■ Exercise details: Among the entries below, extract exactly the lines that run from the one with "Sine Wave1/1 ->" through the one with "Ts/1 -> T Calculation/4(T_s)", both ends included.

>>>>>

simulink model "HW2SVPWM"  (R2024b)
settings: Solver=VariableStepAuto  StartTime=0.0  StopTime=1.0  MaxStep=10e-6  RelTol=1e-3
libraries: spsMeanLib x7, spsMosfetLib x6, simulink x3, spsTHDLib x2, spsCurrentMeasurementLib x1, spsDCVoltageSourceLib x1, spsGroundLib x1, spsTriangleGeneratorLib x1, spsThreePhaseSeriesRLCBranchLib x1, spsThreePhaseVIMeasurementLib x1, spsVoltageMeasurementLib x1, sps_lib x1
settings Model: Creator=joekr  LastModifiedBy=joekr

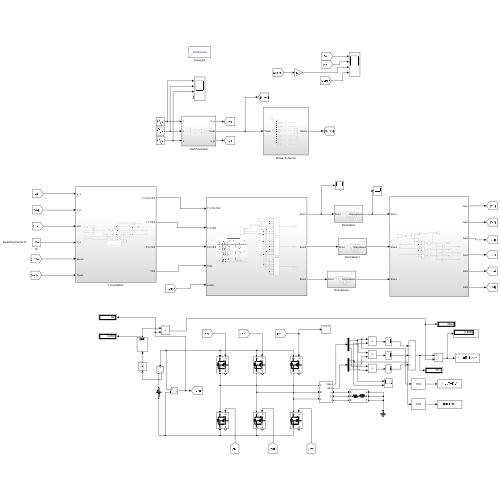
[thumbnail: Simulink's stored preview of the top-level diagram]
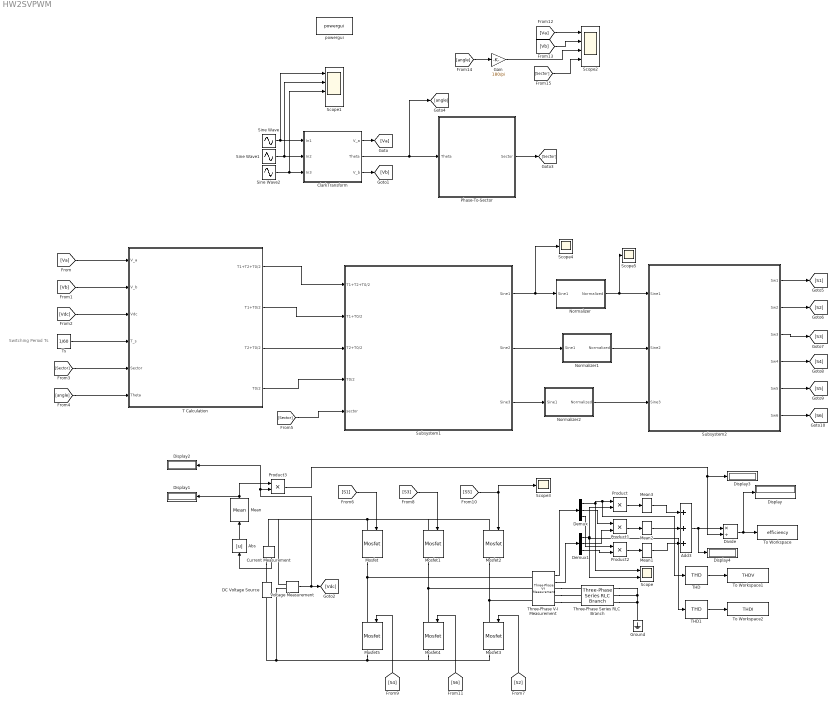
== system HW2SVPWM ==
  note: Switching Period Ts
  Abs : Abs  SaturateOnIntegerOverflow=off
  Add3 : Sum  Inputs=+++
  ClarkTransform : Subsystem
  Current Measurement : spsCurrentMeasurementLib/Current Measurement  PhasorSimulation=off  OutputType=Complex  PSBequivalent=0
  DC Voltage Source : spsDCVoltageSourceLib/DC Voltage Source  Amplitude=400  Measurements=None
  Demux : Demux  Outputs=3
  Demux1 : Demux  Outputs=3
  Display{,1..4} (5 alike) : Display
  Divide : Product  Inputs=*/
  Gain : Gain  Gain=180/pi
  Ground : spsGroundLib/Ground  LConnTagsString=a
  Mean{,1..3} (4 alike) : spsMeanLib/Mean  Freq=60  Vinit=0  Ts=0
  Mosfet{,1..5} (6 alike) : spsMosfetLib/Mosfet  Ron=0.1  Lon=0  Rd=0.01  Vfd=0  IC=0  Rs=1e5  Cs=inf  Measurements=on
  Normalizer : Subsystem
  Normalizer1 : Subsystem
  Normalizer2 : Subsystem
  Phase-To-Sector : Subsystem
  Product{,1..3} (4 alike) : Product
  Scope : Scope  NumInputPorts=2
  Scope1 : Scope  NumInputPorts=4
  Scope2 : Scope  NumInputPorts=4
  Scope3 : Scope
  Scope4 : Scope
  Scope5 : Scope
  Sine Wave : Sin  Frequency=120*pi  SampleTime=0
  Sine Wave1 : Sin  Frequency=120*pi  Phase=2*pi/3  SampleTime=0
  Sine Wave2 : Sin  Frequency=120*pi  Phase=4*pi/3  SampleTime=0
  Subsystem1 : Subsystem
  Subsystem2 : Subsystem
  T Calculation : Subsystem
  THD : spsTHDLib/THD  Freq=60  Ts=0
  THD1 : spsTHDLib/THD  Freq=60  Ts=0
  Three-Phase Series RLC Branch : spsThreePhaseSeriesRLCBranchLib/Three-Phase Series RLC Branch  LConnTagsString=A|B|C  RConnTagsString=A|B|C  BranchType=RL  Resistance=100  Inductance=0.1  Capacitance=1e-6  Measurements=None
  Three-Phase V-I Measurement : spsThreePhaseVIMeasurementLib/Three-Phase V-I Measurement  VoltageMeasurement=phase-to-ground  SetLabelV=off  LabelV=Vabc  Vpu=off  VpuLL=off  CurrentMeasurement=yes  SetLabelI=off  LabelI=Iabc  Ipu=off  Pbase=100e6  Vbase=500e3  OutputType=Complex  PhasorSimulation=off  PSBequivalent=0
  To Workspace : ToWorkspace  VariableName=efficiency  SaveFormat=Structure With Time  SampleTime=-1
  To Workspace1 : ToWorkspace  VariableName=THDV  SaveFormat=Structure With Time  SampleTime=-1
  To Workspace2 : ToWorkspace  VariableName=THDI  SaveFormat=Structure With Time  SampleTime=-1
  Ts : Constant  Value=1/60
  Voltage Measurement : spsVoltageMeasurementLib/Voltage Measurement  PhasorSimulation=off  OutputType=Complex  PSBequivalent=0
  powergui : sps_lib/powergui  Priority=1  SimulationMode=Continuous  SampleTime=50e-6  frequency=60  Iterations=50  frequencyindice=0  Pbase=100e6  ErrMax=1e-4  UnitsV=kV  UnitsW=MW  buscounter=0  FunctionMessages=off  echomessages=off  EnableUseOfTLC=off  CurrentSourceSwitches=off  DisableSnubberDevices=off  DisableRonSwitches=off  DisableVfSwitches=off  DisplayEquations=off  AutomaticDiscreteSolvers=off  SolverType=Tustin/Backward Euler (TBE)  Interpol=off  ExternalGateDelay=off  methode=off  Ts=100  x0status=blocks  SPID=on  SwTol=0  HookPort=off  NonlinearTolerance=1e-4  nMaxIteration=100  ContinueOnMaxIteration=off  RestoreLinks=warning  ResistiveCurrentMeasurement=off  Frange=[0:2:500]  Ylog=off  Xlog=on  ShowGrid=off  save=off  variable=ZData  structure=0  ZoomFFT=off  StartTime=0.0  cycles=1  DisplayStyle=1  fundamental=60  FreqAxis=off  MaxFrequency=1000  frequencyindicesteady=1  RmsSteady=1  display=off
  wires:
  Sine Wave/1 -> Scope1/1, ClarkTransform/1(In1)
  Sine Wave1/1 -> Scope1/2, ClarkTransform/2(In2)
  Sine Wave2/1 -> Scope1/3, ClarkTransform/3(In3)
  ClarkTransform/2(Theta) -> [angle], Phase-To-Sector/1(Theta)
  ClarkTransform/1(V_a) -> [Va]
  ClarkTransform/3(V_b) -> [Vb]
  Voltage Measurement/1 -> Display2/1, Product3/2, [Vdc]
  Phase-To-Sector/1(Sector) -> [Sector]
  [Va] -> T Calculation/1(V_a)
  [Vb] -> T Calculation/2(V_b)
  [Vdc] -> T Calculation/3(Vdc)
  Ts/1 -> T Calculation/4(T_s)
  [Sector] -> T Calculation/5(Sector)
  [angle] -> T Calculation/6(Theta)
  T Calculation/1(T1+T2+T0/2) -> Subsystem1/1(T1+T2+T0/2)
  T Calculation/2(T1+T0/2) -> Subsystem1/2(T1+T0/2)
  T Calculation/4(T0/2) -> Subsystem1/4(T0/2)
  T Calculation/3(T2+T0/2) -> Subsystem1/3(T2+T0/2)
  [Sector] -> Subsystem1/5(sector)
  Subsystem2/1(Sw1) -> [S1]
  Subsystem2/2(Sw2) -> [S2]
  Subsystem2/3(Sw3) -> [S3]
  Subsystem2/4(Sw4) -> [S4]
  Subsystem2/5(Sw5) -> [S5]
  Subsystem2/6(Sw6) -> [S6]
  [S1] -> Mosfet/1
  [S2] -> Mosfet3/1
  [S3] -> Mosfet1/1
  [S4] -> Mosfet5/1
  [S5] -> Mosfet2/1, Scope3/1
  [S6] -> Mosfet4/1
  Three-Phase V-I Measurement/1 -> Demux/1
  Three-Phase V-I Measurement/2 -> Demux1/1
  [Va] -> Scope2/1
  [Vb] -> Scope2/2
  [Sector] -> Scope2/4
  [angle] -> Gain/1
  Gain/1 -> Scope2/3
  Subsystem1/1(Sine1) -> Scope4/1, Normalizer/1(Sine1)
  Normalizer/1(Normalized) -> Scope5/1, Subsystem2/1(Sine1)
  Normalizer1/1(Normalized) -> Subsystem2/2(Sine2)
  Normalizer2/1(Normalized) -> Subsystem2/3(Sine3)
  Demux/1 -> Scope/1, THD/1, Product/1
  Demux/2 -> Product1/1
  Demux1/1 -> Scope/2, THD1/1, Product/2
  Demux/3 -> Product2/1
  Demux1/2 -> Product1/2
  Demux1/3 -> Product2/2
  Product2/1 -> Mean1/1
  Product1/1 -> Mean2/1
  Product/1 -> Mean3/1
  Mean2/1 -> Add3/2
  Mean3/1 -> Add3/1
  Mean1/1 -> Add3/3
  Add3/1 -> Display4/1, Divide/1
  Abs/1 -> Mean/1
  Current Measurement/1 -> Abs/1
  Mean/1 -> Product3/1, Display1/1
  Product3/1 -> Display3/1, Divide/2
  Divide/1 -> Display/1, To Workspace/1
  THD1/1 -> To Workspace2/1
  THD/1 -> To Workspace1/1
  Subsystem1/2(Sine2) -> Normalizer1/1(Sine1)
  Subsystem1/3(Sine3) -> Normalizer2/1(Sine1)
  connections:
  Mosfet/RConn1 -- Three-Phase V-I Measurement/LConn1 -- Mosfet5/LConn1
  Mosfet1/RConn1 -- Three-Phase V-I Measurement/LConn2 -- Mosfet4/LConn1
  Mosfet2/RConn1 -- Three-Phase V-I Measurement/LConn3 -- Mosfet3/LConn1
  Three-Phase V-I Measurement/RConn1 -- Three-Phase Series RLC Branch/LConn1
  Three-Phase V-I Measurement/RConn2 -- Three-Phase Series RLC Branch/LConn2
  Three-Phase V-I Measurement/RConn3 -- Three-Phase Series RLC Branch/LConn3
  Mosfet/LConn1 -- Current Measurement/LConn1 -- Voltage Measurement/LConn1 -- Mosfet2/LConn1 -- Mosfet1/LConn1
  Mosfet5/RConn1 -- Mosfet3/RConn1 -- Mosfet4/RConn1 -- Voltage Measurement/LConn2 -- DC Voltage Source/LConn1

<<<<<

■ Task result:
  Sine Wave1/1 -> Scope1/2, ClarkTransform/2(In2)
  Sine Wave2/1 -> Scope1/3, ClarkTransform/3(In3)
  ClarkTransform/2(Theta) -> [angle], Phase-To-Sector/1(Theta)
  ClarkTransform/1(V_a) -> [Va]
  ClarkTransform/3(V_b) -> [Vb]
  Voltage Measurement/1 -> Display2/1, Product3/2, [Vdc]
  Phase-To-Sector/1(Sector) -> [Sector]
  [Va] -> T Calculation/1(V_a)
  [Vb] -> T Calculation/2(V_b)
  [Vdc] -> T Calculation/3(Vdc)
  Ts/1 -> T Calculation/4(T_s)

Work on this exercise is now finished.